It was the phone call you never wish to get. 4 p.m and the Pediatrician office calls. This is the hour they close, why are they calling now? This was the question asked 6 months ago, to the day. Molly had an MRI the day before and we had an inkling something was up since the Radiology Tech asked when we will be seeing the doctor.
But nothing prepared us for the phone call. They asked us to come in right away to the office. I will say, it was the longest drive ever. Even as I write this, my heart races thinking about it.
“A large tumor on the brain stem.”
These words rang in my ears for what seemed like forever. I couldn’t hear anything else but these words. But I did see the Pediatrician crying. I didn’t feel the hug she gave me. I was numb.
We were to go immediately to the hospital to meet with the Oncology team and Neurosurgeon. Seemed like a sick joke. This doesn’t happen to us. This happens to other families. Not us.
The next three days were a blur and exhausting. There were MRIs, meetings, blood work. There was crying, hugging, visits, and disbelief.
But what I remember most is 3 a.m. on Wednesday morning. Peter and I couldn’t sleep. We walked around, I’m sure looking like zombies. We headed to the main waiting room and collapsed into a seat. What now? We did the only thing we knew to do… we prayed.
We cried out to God and asked Him what to do now.
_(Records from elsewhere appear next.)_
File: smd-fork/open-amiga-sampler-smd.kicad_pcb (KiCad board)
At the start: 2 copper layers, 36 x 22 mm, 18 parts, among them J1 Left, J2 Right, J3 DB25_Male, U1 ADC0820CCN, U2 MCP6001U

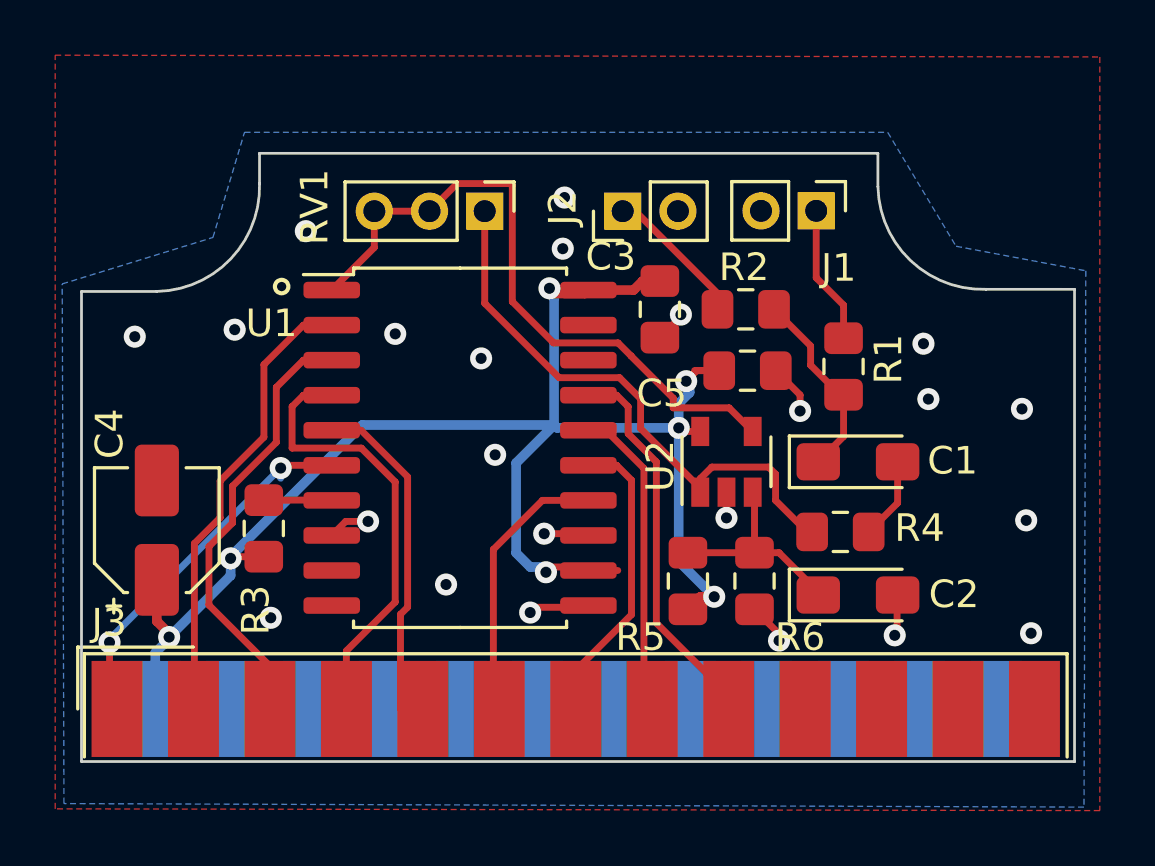
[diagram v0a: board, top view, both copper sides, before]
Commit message: re-did board outline to (maybe) actually fit
Using an accutare 3D model for a shell the board has been re-jigged to fit. still not tested against a real one though
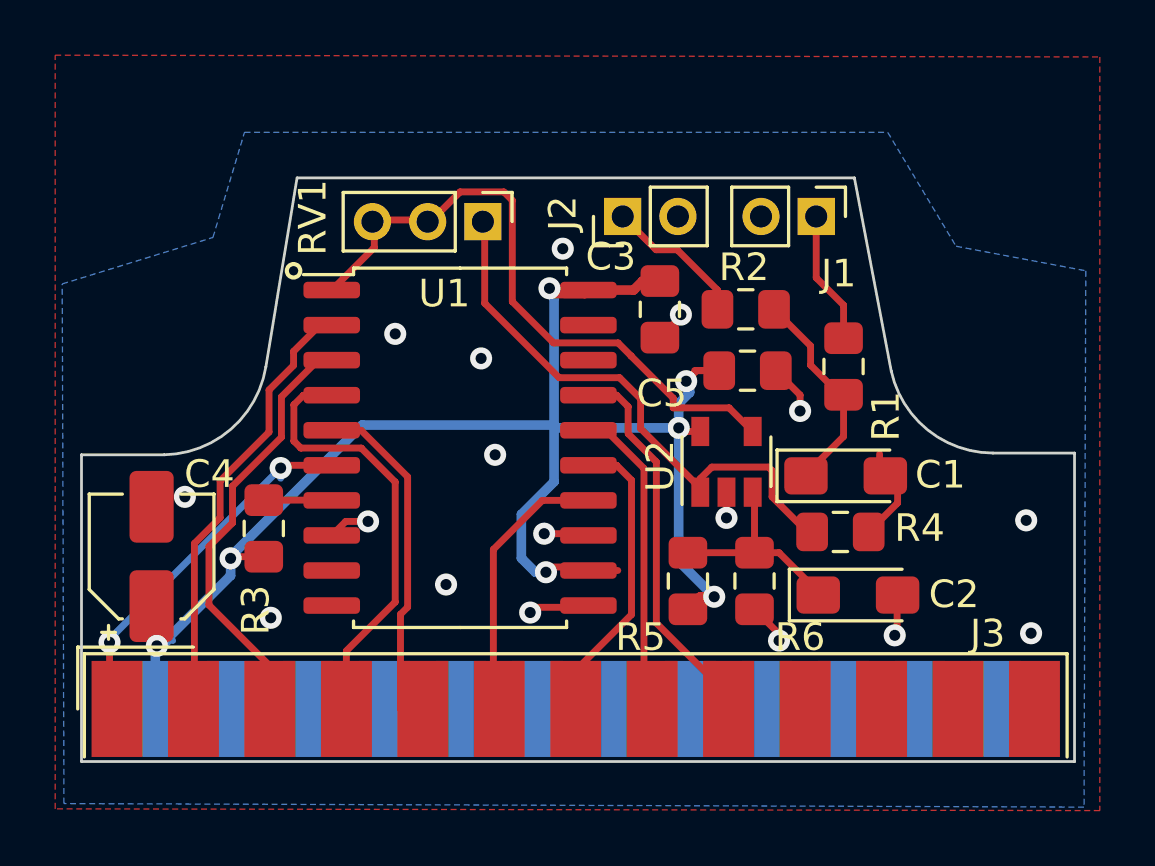
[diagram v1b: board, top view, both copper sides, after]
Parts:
- moved REF** 9.32 mm to (94.1, 140.3)
- moved C4 0.97 mm to (82.9, 143.5)
- moved C1 0.68 mm to (108.1, 140.6)
- moved RV1 0.39 mm to (94.9, 131.4)
- moved J1 0.20 mm to (107.0, 131.2)
- moved J2 0.19 mm to (100.0, 131.2)
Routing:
- net Net-(J2-Pad1): track 5.25 -> 6.27 mm
- net VCC: track 61.5 -> 60.6 mm
- net Vo: track 24.0 -> 23.3 mm
- net GND: vias 23 -> 17
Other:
- board size 36 x 22 mm -> 36 x 21.1 mm

We can’t live without Molly, Lord. Don’t you know that? She’s our little girl. She’s our smiley, happy,singing, silly, beautiful big brown-eyed girl. Help us.
We cried. We prayed for what seemed like hours. We hugged. And then the Peace came. A wave of air that I could finally breath. I didn’t feel so suffocated with grief and confusion. The fog was lifting.
Peter and I never really prayed together as a couple. Sad to say. But I’ll just be honest. But for the rest of my life, I will not forget the bond that He brought to us that night. It can’t be broken. It’s beauty in the midst of tragedy.
I suppose I should write about other things: but this is what sticks out in my mind today. The worst day of our lives. The one forever etched in our life stories. Perhaps my writing is disjointed and messy. But that is a perfect picture of how we felt that day.